_Task description_.
From the entries below, return exactly the lines beginning at the one that contains "#137=DIRECTION('',(1.,0.,0.));" and ending at the one that contains "#166=PLANE('',#165);", both of them included, and only those lines.
:: Working data ::
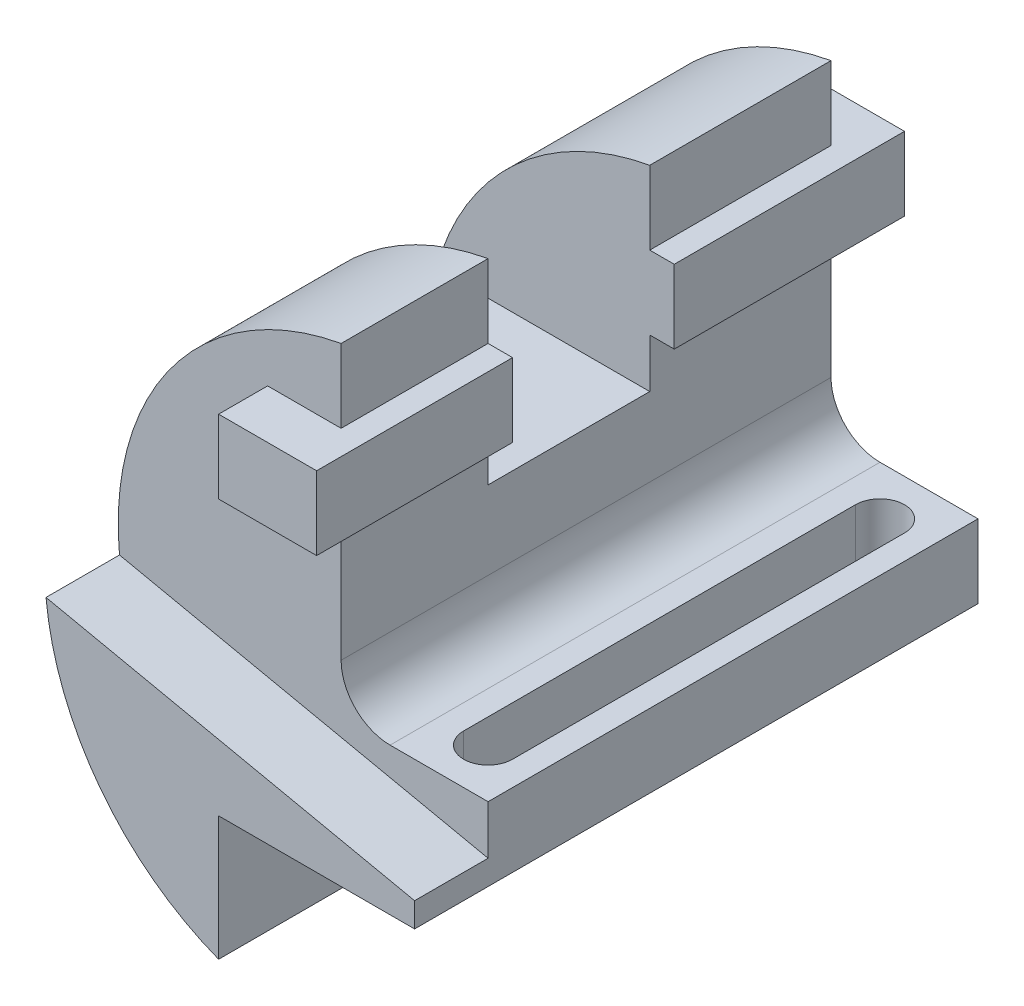
ISO-10303-21;
HEADER;
FILE_DESCRIPTION(('STEP AP214'),'2;1');
FILE_NAME('part.step','',(''),(''),'','','');
FILE_SCHEMA(('AUTOMOTIVE_DESIGN { 1 0 10303 214 1 1 1 1 }'));
ENDSEC;
DATA;
#1=APPLICATION_CONTEXT('core data for automotive mechanical design processes');
#2=APPLICATION_PROTOCOL_DEFINITION('international standard','automotive_design',2000,#1);
#3=PRODUCT_CONTEXT('',#1,'mechanical');
#4=PRODUCT('Part','Part','',(#3));
#5=PRODUCT_RELATED_PRODUCT_CATEGORY('part','',(#4));
#6=PRODUCT_DEFINITION_FORMATION('','',#4);
#7=PRODUCT_DEFINITION_CONTEXT('part definition',#1,'design');
#8=PRODUCT_DEFINITION('design','',#6,#7);
#9=PRODUCT_DEFINITION_SHAPE('','',#8);
#10=(LENGTH_UNIT() NAMED_UNIT(*) SI_UNIT(.MILLI.,.METRE.));
#11=(NAMED_UNIT(*) PLANE_ANGLE_UNIT() SI_UNIT($,.RADIAN.));
#12=(NAMED_UNIT(*) SI_UNIT($,.STERADIAN.) SOLID_ANGLE_UNIT());
#13=UNCERTAINTY_MEASURE_WITH_UNIT(LENGTH_MEASURE(1.E-05),#10,'distance_accuracy_value','');
#14=(GEOMETRIC_REPRESENTATION_CONTEXT(3) GLOBAL_UNCERTAINTY_ASSIGNED_CONTEXT((#13)) GLOBAL_UNIT_ASSIGNED_CONTEXT((#10,
#11,#12)) REPRESENTATION_CONTEXT('',''));
#15=CARTESIAN_POINT('',(0.,0.,0.));
#16=DIRECTION('',(0.,0.,1.));
#17=DIRECTION('',(1.,0.,0.));
#18=AXIS2_PLACEMENT_3D('',#15,#16,#17);
#19=CARTESIAN_POINT('',(10.,15.,115.));
#20=DIRECTION('',(-1.,0.,0.));
#21=DIRECTION('',(0.,0.,1.));
#22=AXIS2_PLACEMENT_3D('',#19,#20,#21);
#23=PLANE('',#22);
#24=DIRECTION('',(0.,0.,1.));
#25=VECTOR('',#24,1.);
#26=CARTESIAN_POINT('',(10.,66.,115.));
#27=LINE('',#26,#25);
#28=CARTESIAN_POINT('',(10.,66.,70.));
#29=VERTEX_POINT('',#28);
#30=CARTESIAN_POINT('',(10.,66.,100.));
#31=VERTEX_POINT('',#30);
#32=EDGE_CURVE('E337',#29,#31,#27,.T.);
#33=ORIENTED_EDGE('',*,*,#32,.F.);
#34=DIRECTION('',(0.,1.,0.));
#35=VECTOR('',#34,1.);
#36=CARTESIAN_POINT('',(10.,15.,70.));
#37=LINE('',#36,#35);
#38=CARTESIAN_POINT('',(9.99999999999997,81.,70.));
#39=VERTEX_POINT('',#38);
#40=EDGE_CURVE('E288',#29,#39,#37,.T.);
#41=ORIENTED_EDGE('',*,*,#40,.T.);
#42=DIRECTION('',(0.,0.,-1.));
#43=VECTOR('',#42,1.);
#44=CARTESIAN_POINT('',(10.,81.,115.));
#45=LINE('',#44,#43);
#46=CARTESIAN_POINT('',(10.,81.,100.));
#47=VERTEX_POINT('',#46);
#48=EDGE_CURVE('E448',#47,#39,#45,.T.);
#49=ORIENTED_EDGE('',*,*,#48,.F.);
#50=DIRECTION('',(0.,1.,0.));
#51=VECTOR('',#50,1.);
#52=CARTESIAN_POINT('',(10.,15.,100.));
#53=LINE('',#52,#51);
#54=EDGE_CURVE('E355',#31,#47,#53,.T.);
#55=ORIENTED_EDGE('',*,*,#54,.F.);
#56=EDGE_LOOP('',(#33,#41,#49,#55));
#57=FACE_BOUND('',#56,.T.);
#58=ADVANCED_FACE('F45',(#57),#23,.F.);
#59=CARTESIAN_POINT('',(-5.,51.,-10.));
#60=DIRECTION('',(0.,1.,0.));
#61=DIRECTION('',(-1.,0.,0.));
#62=AXIS2_PLACEMENT_3D('',#59,#60,#61);
#63=PLANE('',#62);
#64=DIRECTION('',(0.,0.,-1.));
#65=VECTOR('',#64,1.);
#66=CARTESIAN_POINT('',(10.,51.,115.));
#67=LINE('',#66,#65);
#68=CARTESIAN_POINT('',(10.,51.,100.));
#69=VERTEX_POINT('',#68);
#70=CARTESIAN_POINT('',(10.,51.,70.));
#71=VERTEX_POINT('',#70);
#72=EDGE_CURVE('E346',#69,#71,#67,.T.);
#73=ORIENTED_EDGE('',*,*,#72,.T.);
#74=DIRECTION('',(1.,0.,0.));
#75=VECTOR('',#74,1.);
#76=CARTESIAN_POINT('',(-5.,51.,70.));
#77=LINE('',#76,#75);
#78=CARTESIAN_POINT('',(15.,51.,70.));
#79=VERTEX_POINT('',#78);
#80=EDGE_CURVE('E285',#71,#79,#77,.T.);
#81=ORIENTED_EDGE('',*,*,#80,.T.);
#82=DIRECTION('',(0.,0.,1.));
#83=VECTOR('',#82,1.);
#84=CARTESIAN_POINT('',(15.,51.,-10.));
#85=LINE('',#84,#83);
#86=CARTESIAN_POINT('',(15.,51.,110.));
#87=VERTEX_POINT('',#86);
#88=EDGE_CURVE('E333',#79,#87,#85,.T.);
#89=ORIENTED_EDGE('',*,*,#88,.T.);
#90=DIRECTION('',(-1.,0.,0.));
#91=VECTOR('',#90,1.);
#92=CARTESIAN_POINT('',(-5.,51.,110.));
#93=LINE('',#92,#91);
#94=CARTESIAN_POINT('',(-5.,51.,110.));
#95=VERTEX_POINT('',#94);
#96=EDGE_CURVE('E300',#87,#95,#93,.T.);
#97=ORIENTED_EDGE('',*,*,#96,.T.);
#98=DIRECTION('',(0.,0.,1.));
#99=VECTOR('',#98,1.);
#100=CARTESIAN_POINT('',(-5.,51.,-10.));
#101=LINE('',#100,#99);
#102=CARTESIAN_POINT('',(-5.,51.,100.));
#103=VERTEX_POINT('',#102);
#104=EDGE_CURVE('E329',#103,#95,#101,.T.);
#105=ORIENTED_EDGE('',*,*,#104,.F.);
#106=DIRECTION('',(-1.,0.,0.));
#107=VECTOR('',#106,1.);
#108=CARTESIAN_POINT('',(20.,51.,100.));
#109=LINE('',#108,#107);
#110=EDGE_CURVE('E400',#69,#103,#109,.T.);
#111=ORIENTED_EDGE('',*,*,#110,.F.);
#112=EDGE_LOOP('',(#73,#81,#89,#97,#105,#111));
#113=FACE_BOUND('',#112,.T.);
#114=ADVANCED_FACE('F526',(#113),#63,.F.);
#115=CARTESIAN_POINT('',(15.,66.,-10.));
#116=DIRECTION('',(0.,-1.,0.));
#117=DIRECTION('',(0.,0.,-1.));
#118=AXIS2_PLACEMENT_3D('',#115,#116,#117);
#119=PLANE('',#118);
#120=DIRECTION('',(0.,0.,1.));
#121=VECTOR('',#120,1.);
#122=CARTESIAN_POINT('',(15.,66.,-10.));
#123=LINE('',#122,#121);
#124=CARTESIAN_POINT('',(15.,66.,70.));
#125=VERTEX_POINT('',#124);
#126=CARTESIAN_POINT('',(15.,66.,110.));
#127=VERTEX_POINT('',#126);
#128=EDGE_CURVE('E321',#125,#127,#123,.T.);
#129=ORIENTED_EDGE('',*,*,#128,.F.);
#130=DIRECTION('',(-1.,0.,0.));
#131=VECTOR('',#130,1.);
#132=CARTESIAN_POINT('',(15.,66.,70.));
#133=LINE('',#132,#131);
#134=EDGE_CURVE('E282',#125,#29,#133,.T.);
#135=ORIENTED_EDGE('',*,*,#134,.T.);
#136=ORIENTED_EDGE('',*,*,#32,.T.);
#137=DIRECTION('',(1.,0.,0.));
#138=VECTOR('',#137,1.);
#139=CARTESIAN_POINT('',(20.,66.,100.));
#140=LINE('',#139,#138);
#141=CARTESIAN_POINT('',(-5.,66.,100.));
#142=VERTEX_POINT('',#141);
#143=EDGE_CURVE('E392',#142,#31,#140,.T.);
#144=ORIENTED_EDGE('',*,*,#143,.F.);
#145=DIRECTION('',(0.,0.,1.));
#146=VECTOR('',#145,1.);
#147=CARTESIAN_POINT('',(-5.,66.,-10.));
#148=LINE('',#147,#146);
#149=CARTESIAN_POINT('',(-5.,66.,110.));
#150=VERTEX_POINT('',#149);
#151=EDGE_CURVE('E325',#142,#150,#148,.T.);
#152=ORIENTED_EDGE('',*,*,#151,.T.);
#153=DIRECTION('',(1.,0.,0.));
#154=VECTOR('',#153,1.);
#155=CARTESIAN_POINT('',(15.,66.,110.));
#156=LINE('',#155,#154);
#157=EDGE_CURVE('E308',#150,#127,#156,.T.);
#158=ORIENTED_EDGE('',*,*,#157,.T.);
#159=EDGE_LOOP('',(#129,#135,#136,#144,#152,#158));
#160=FACE_BOUND('',#159,.T.);
#161=ADVANCED_FACE('F519',(#160),#119,.F.);
#162=CARTESIAN_POINT('',(15.,51.,-10.));
#163=DIRECTION('',(-1.,0.,0.));
#164=DIRECTION('',(0.,0.,1.));
#165=AXIS2_PLACEMENT_3D('',#162,#163,#164);
#166=PLANE('',#165);
#167=ORIENTED_EDGE('',*,*,#88,.F.);
#168=DIRECTION('',(0.,1.,0.));
#169=VECTOR('',#168,1.);
#170=CARTESIAN_POINT('',(15.,51.,70.));
#171=LINE('',#170,#169);
#172=EDGE_CURVE('E406',#79,#125,#171,.T.);
#173=ORIENTED_EDGE('',*,*,#172,.T.);
#174=ORIENTED_EDGE('',*,*,#128,.T.);
#175=DIRECTION('',(0.,-1.,0.));
#176=VECTOR('',#175,1.);
#177=CARTESIAN_POINT('',(15.,51.,110.));
#178=LINE('',#177,#176);
#179=EDGE_CURVE('E304',#127,#87,#178,.T.);
#180=ORIENTED_EDGE('',*,*,#179,.T.);
#181=EDGE_LOOP('',(#167,#173,#174,#180));
#182=FACE_BOUND('',#181,.T.);
#183=ADVANCED_FACE('F534',(#182),#166,.F.);
#184=CARTESIAN_POINT('',(10.,25.,100.));
#185=VERTEX_POINT('',#184);
#186=EDGE_CURVE('E356',#185,#69,#53,.T.);
#187=ORIENTED_EDGE('',*,*,#186,.F.);
#188=DIRECTION('',(0.,0.,-1.));
#189=VECTOR('',#188,1.);
#190=CARTESIAN_POINT('',(10.,25.,0.));
#191=LINE('',#190,#189);
#192=CARTESIAN_POINT('',(10.,25.,0.));
#193=VERTEX_POINT('',#192);
#194=EDGE_CURVE('E421',#185,#193,#191,.T.);
#195=ORIENTED_EDGE('',*,*,#194,.T.);
#196=DIRECTION('',(0.,1.,0.));
#197=VECTOR('',#196,1.);
#198=CARTESIAN_POINT('',(10.,15.,0.));
#199=LINE('',#198,#197);
#200=CARTESIAN_POINT('',(10.,51.,0.));
#201=VERTEX_POINT('',#200);
#202=EDGE_CURVE('E429',#193,#201,#199,.T.);
#203=ORIENTED_EDGE('',*,*,#202,.T.);
#204=CARTESIAN_POINT('',(10.,51.,37.));
#205=VERTEX_POINT('',#204);
#206=EDGE_CURVE('E345',#205,#201,#67,.T.);
#207=ORIENTED_EDGE('',*,*,#206,.F.);
#208=DIRECTION('',(0.,-1.,0.));
#209=VECTOR('',#208,1.);
#210=CARTESIAN_POINT('',(10.,15.,37.));
#211=LINE('',#210,#209);
#212=CARTESIAN_POINT('',(10.,41.,37.));
#213=VERTEX_POINT('',#212);
#214=EDGE_CURVE('E276',#205,#213,#211,.T.);
#215=ORIENTED_EDGE('',*,*,#214,.T.);
#216=DIRECTION('',(0.,0.,1.));
#217=VECTOR('',#216,1.);
#218=CARTESIAN_POINT('',(10.,41.,115.));
#219=LINE('',#218,#217);
#220=CARTESIAN_POINT('',(10.,41.,70.));
#221=VERTEX_POINT('',#220);
#222=EDGE_CURVE('E297',#213,#221,#219,.T.);
#223=ORIENTED_EDGE('',*,*,#222,.T.);
#224=DIRECTION('',(0.,1.,0.));
#225=VECTOR('',#224,1.);
#226=CARTESIAN_POINT('',(10.,15.,70.));
#227=LINE('',#226,#225);
#228=EDGE_CURVE('E291',#221,#71,#227,.T.);
#229=ORIENTED_EDGE('',*,*,#228,.T.);
#230=ORIENTED_EDGE('',*,*,#72,.F.);
#231=EDGE_LOOP('',(#187,#195,#203,#207,#215,#223,#229,#230));
#232=FACE_BOUND('',#231,.T.);
#233=ADVANCED_FACE('F427',(#232),#23,.F.);
#234=CARTESIAN_POINT('',(9.99999999999997,81.,37.));
#235=VERTEX_POINT('',#234);
#236=CARTESIAN_POINT('',(10.,81.,0.));
#237=VERTEX_POINT('',#236);
#238=EDGE_CURVE('E447',#235,#237,#45,.T.);
#239=ORIENTED_EDGE('',*,*,#238,.F.);
#240=DIRECTION('',(0.,-1.,0.));
#241=VECTOR('',#240,1.);
#242=CARTESIAN_POINT('',(10.,15.,37.));
#243=LINE('',#242,#241);
#244=CARTESIAN_POINT('',(10.,66.,37.));
#245=VERTEX_POINT('',#244);
#246=EDGE_CURVE('E273',#235,#245,#243,.T.);
#247=ORIENTED_EDGE('',*,*,#246,.T.);
#248=CARTESIAN_POINT('',(10.,66.,0.));
#249=VERTEX_POINT('',#248);
#250=EDGE_CURVE('E338',#249,#245,#27,.T.);
#251=ORIENTED_EDGE('',*,*,#250,.F.);
#252=EDGE_CURVE('E437',#249,#237,#199,.T.);
#253=ORIENTED_EDGE('',*,*,#252,.T.);
#254=EDGE_LOOP('',(#239,#247,#251,#253));
#255=FACE_BOUND('',#254,.T.);
#256=ADVANCED_FACE('F492',(#255),#23,.F.);
#257=CARTESIAN_POINT('',(20.,26.4083339693685,0.));
#258=DIRECTION('',(0.,0.,1.));
#259=DIRECTION('',(1.,0.,0.));
#260=AXIS2_PLACEMENT_3D('',#257,#258,#259);
#261=PLANE('',#260);
#262=DIRECTION('',(-1.,0.,0.));
#263=VECTOR('',#262,1.);
#264=CARTESIAN_POINT('',(20.,51.,0.));
#265=LINE('',#264,#263);
#266=CARTESIAN_POINT('',(-5.,51.,0.));
#267=VERTEX_POINT('',#266);
#268=EDGE_CURVE('E349',#201,#267,#265,.T.);
#269=ORIENTED_EDGE('',*,*,#268,.F.);
#270=ORIENTED_EDGE('',*,*,#202,.F.);
#271=CARTESIAN_POINT('',(20.,25.,0.));
#272=DIRECTION('',(0.,0.,1.));
#273=DIRECTION('',(1.,0.,0.));
#274=AXIS2_PLACEMENT_3D('',#271,#272,#273);
#275=CIRCLE('',#274,10.);
#276=CARTESIAN_POINT('',(20.,15.,0.));
#277=VERTEX_POINT('',#276);
#278=EDGE_CURVE('E53',#193,#277,#275,.T.);
#279=ORIENTED_EDGE('',*,*,#278,.T.);
#280=DIRECTION('',(-1.,0.,0.));
#281=VECTOR('',#280,1.);
#282=CARTESIAN_POINT('',(40.,15.,0.));
#283=LINE('',#282,#281);
#284=CARTESIAN_POINT('',(40.,15.,0.));
#285=VERTEX_POINT('',#284);
#286=EDGE_CURVE('E441',#285,#277,#283,.T.);
#287=ORIENTED_EDGE('',*,*,#286,.F.);
#288=DIRECTION('',(0.,1.,0.));
#289=VECTOR('',#288,1.);
#290=CARTESIAN_POINT('',(40.,0.,0.));
#291=LINE('',#290,#289);
#292=CARTESIAN_POINT('',(40.,0.,0.));
#293=VERTEX_POINT('',#292);
#294=EDGE_CURVE('E471',#293,#285,#291,.T.);
#295=ORIENTED_EDGE('',*,*,#294,.F.);
#296=DIRECTION('',(1.,0.,0.));
#297=VECTOR('',#296,1.);
#298=CARTESIAN_POINT('',(0.,0.,0.));
#299=LINE('',#298,#297);
#300=CARTESIAN_POINT('',(0.,0.,0.));
#301=VERTEX_POINT('',#300);
#302=EDGE_CURVE('E464',#301,#293,#299,.T.);
#303=ORIENTED_EDGE('',*,*,#302,.F.);
#304=DIRECTION('',(0.,1.,0.));
#305=VECTOR('',#304,1.);
#306=CARTESIAN_POINT('',(0.,0.,0.));
#307=LINE('',#306,#305);
#308=CARTESIAN_POINT('',(0.,-25.3627969821569,0.));
#309=VERTEX_POINT('',#308);
#310=EDGE_CURVE('E369',#309,#301,#307,.T.);
#311=ORIENTED_EDGE('',*,*,#310,.F.);
#312=CARTESIAN_POINT('',(20.,26.4083339693685,0.));
#313=DIRECTION('',(0.,0.,1.));
#314=DIRECTION('',(1.,0.,0.));
#315=AXIS2_PLACEMENT_3D('',#312,#313,#314);
#316=CIRCLE('',#315,55.5);
#317=EDGE_CURVE('E374',#237,#309,#316,.T.);
#318=ORIENTED_EDGE('',*,*,#317,.F.);
#319=ORIENTED_EDGE('',*,*,#252,.F.);
#320=DIRECTION('',(1.,0.,0.));
#321=VECTOR('',#320,1.);
#322=CARTESIAN_POINT('',(20.,66.,0.));
#323=LINE('',#322,#321);
#324=CARTESIAN_POINT('',(-5.,66.,0.));
#325=VERTEX_POINT('',#324);
#326=EDGE_CURVE('E341',#325,#249,#323,.T.);
#327=ORIENTED_EDGE('',*,*,#326,.F.);
#328=DIRECTION('',(0.,1.,0.));
#329=VECTOR('',#328,1.);
#330=CARTESIAN_POINT('',(-5.,26.4083339693686,0.));
#331=LINE('',#330,#329);
#332=EDGE_CURVE('E343',#267,#325,#331,.T.);
#333=ORIENTED_EDGE('',*,*,#332,.F.);
#334=EDGE_LOOP('',(#269,#270,#279,#287,#295,#303,#311,#318,#319,#327,#333));
#335=FACE_BOUND('',#334,.T.);
#336=ADVANCED_FACE('F435',(#335),#261,.F.);
#337=CARTESIAN_POINT('',(20.,26.4083339693685,100.));
#338=DIRECTION('',(0.,0.,1.));
#339=DIRECTION('',(1.,0.,0.));
#340=AXIS2_PLACEMENT_3D('',#337,#338,#339);
#341=PLANE('',#340);
#342=DIRECTION('',(-1.,0.,0.));
#343=VECTOR('',#342,1.);
#344=CARTESIAN_POINT('',(40.,15.,100.));
#345=LINE('',#344,#343);
#346=CARTESIAN_POINT('',(40.,15.,100.));
#347=VERTEX_POINT('',#346);
#348=CARTESIAN_POINT('',(20.,15.,100.));
#349=VERTEX_POINT('',#348);
#350=EDGE_CURVE('E353',#347,#349,#345,.T.);
#351=ORIENTED_EDGE('',*,*,#350,.T.);
#352=CARTESIAN_POINT('',(20.,25.,100.));
#353=DIRECTION('',(0.,0.,1.));
#354=DIRECTION('',(1.,0.,0.));
#355=AXIS2_PLACEMENT_3D('',#352,#353,#354);
#356=CIRCLE('',#355,10.);
#357=EDGE_CURVE('E12',#349,#185,#356,.F.);
#358=ORIENTED_EDGE('',*,*,#357,.T.);
#359=ORIENTED_EDGE('',*,*,#186,.T.);
#360=ORIENTED_EDGE('',*,*,#110,.T.);
#361=DIRECTION('',(0.,1.,0.));
#362=VECTOR('',#361,1.);
#363=CARTESIAN_POINT('',(-5.,26.4083339693686,100.));
#364=LINE('',#363,#362);
#365=EDGE_CURVE('E397',#103,#142,#364,.T.);
#366=ORIENTED_EDGE('',*,*,#365,.T.);
#367=ORIENTED_EDGE('',*,*,#143,.T.);
#368=ORIENTED_EDGE('',*,*,#54,.T.);
#369=CARTESIAN_POINT('',(20.,26.4083339693685,100.));
#370=DIRECTION('',(0.,0.,1.));
#371=DIRECTION('',(1.,0.,0.));
#372=AXIS2_PLACEMENT_3D('',#369,#370,#371);
#373=CIRCLE('',#372,55.5);
#374=CARTESIAN_POINT('',(-35.2350441418964,20.9917022998936,100.));
#375=VERTEX_POINT('',#374);
#376=EDGE_CURVE('E358',#47,#375,#373,.T.);
#377=ORIENTED_EDGE('',*,*,#376,.T.);
#378=DIRECTION('',(0.978147600733806,-0.207911690817756,0.));
#379=VECTOR('',#378,1.);
#380=CARTESIAN_POINT('',(40.,5.,100.));
#381=LINE('',#380,#379);
#382=CARTESIAN_POINT('',(40.,5.,100.));
#383=VERTEX_POINT('',#382);
#384=EDGE_CURVE('E360',#375,#383,#381,.T.);
#385=ORIENTED_EDGE('',*,*,#384,.T.);
#386=DIRECTION('',(0.,1.,0.));
#387=VECTOR('',#386,1.);
#388=CARTESIAN_POINT('',(40.,5.,100.));
#389=LINE('',#388,#387);
#390=EDGE_CURVE('E351',#383,#347,#389,.T.);
#391=ORIENTED_EDGE('',*,*,#390,.T.);
#392=EDGE_LOOP('',(#351,#358,#359,#360,#366,#367,#368,#377,#385,#391));
#393=FACE_BOUND('',#392,.T.);
#394=ADVANCED_FACE('F474',(#393),#341,.T.);
#395=CARTESIAN_POINT('',(40.,0.,115.));
#396=DIRECTION('',(-1.,0.,0.));
#397=DIRECTION('',(0.,0.,1.));
#398=AXIS2_PLACEMENT_3D('',#395,#396,#397);
#399=PLANE('',#398);
#400=DIRECTION('',(0.,0.,-1.));
#401=VECTOR('',#400,1.);
#402=CARTESIAN_POINT('',(40.,5.,115.000012));
#403=LINE('',#402,#401);
#404=CARTESIAN_POINT('',(40.,5.,115.));
#405=VERTEX_POINT('',#404);
#406=EDGE_CURVE('E365',#405,#383,#403,.T.);
#407=ORIENTED_EDGE('',*,*,#406,.F.);
#408=DIRECTION('',(0.,1.,0.));
#409=VECTOR('',#408,1.);
#410=CARTESIAN_POINT('',(40.,0.,115.));
#411=LINE('',#410,#409);
#412=CARTESIAN_POINT('',(40.,0.,115.));
#413=VERTEX_POINT('',#412);
#414=EDGE_CURVE('E376',#413,#405,#411,.T.);
#415=ORIENTED_EDGE('',*,*,#414,.F.);
#416=DIRECTION('',(0.,0.,-1.));
#417=VECTOR('',#416,1.);
#418=CARTESIAN_POINT('',(40.,0.,115.));
#419=LINE('',#418,#417);
#420=EDGE_CURVE('E452',#413,#293,#419,.T.);
#421=ORIENTED_EDGE('',*,*,#420,.T.);
#422=ORIENTED_EDGE('',*,*,#294,.T.);
#423=DIRECTION('',(0.,0.,-1.));
#424=VECTOR('',#423,1.);
#425=CARTESIAN_POINT('',(40.,15.,115.));
#426=LINE('',#425,#424);
#427=EDGE_CURVE('E451',#347,#285,#426,.T.);
#428=ORIENTED_EDGE('',*,*,#427,.F.);
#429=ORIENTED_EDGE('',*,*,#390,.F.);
:::
_Result of the task_.
#137=DIRECTION('',(1.,0.,0.));
#138=VECTOR('',#137,1.);
#139=CARTESIAN_POINT('',(20.,66.,100.));
#140=LINE('',#139,#138);
#141=CARTESIAN_POINT('',(-5.,66.,100.));
#142=VERTEX_POINT('',#141);
#143=EDGE_CURVE('E392',#142,#31,#140,.T.);
#144=ORIENTED_EDGE('',*,*,#143,.F.);
#145=DIRECTION('',(0.,0.,1.));
#146=VECTOR('',#145,1.);
#147=CARTESIAN_POINT('',(-5.,66.,-10.));
#148=LINE('',#147,#146);
#149=CARTESIAN_POINT('',(-5.,66.,110.));
#150=VERTEX_POINT('',#149);
#151=EDGE_CURVE('E325',#142,#150,#148,.T.);
#152=ORIENTED_EDGE('',*,*,#151,.T.);
#153=DIRECTION('',(1.,0.,0.));
#154=VECTOR('',#153,1.);
#155=CARTESIAN_POINT('',(15.,66.,110.));
#156=LINE('',#155,#154);
#157=EDGE_CURVE('E308',#150,#127,#156,.T.);
#158=ORIENTED_EDGE('',*,*,#157,.T.);
#159=EDGE_LOOP('',(#129,#135,#136,#144,#152,#158));
#160=FACE_BOUND('',#159,.T.);
#161=ADVANCED_FACE('F519',(#160),#119,.F.);
#162=CARTESIAN_POINT('',(15.,51.,-10.));
#163=DIRECTION('',(-1.,0.,0.));
#164=DIRECTION('',(0.,0.,1.));
#165=AXIS2_PLACEMENT_3D('',#162,#163,#164);
#166=PLANE('',#165);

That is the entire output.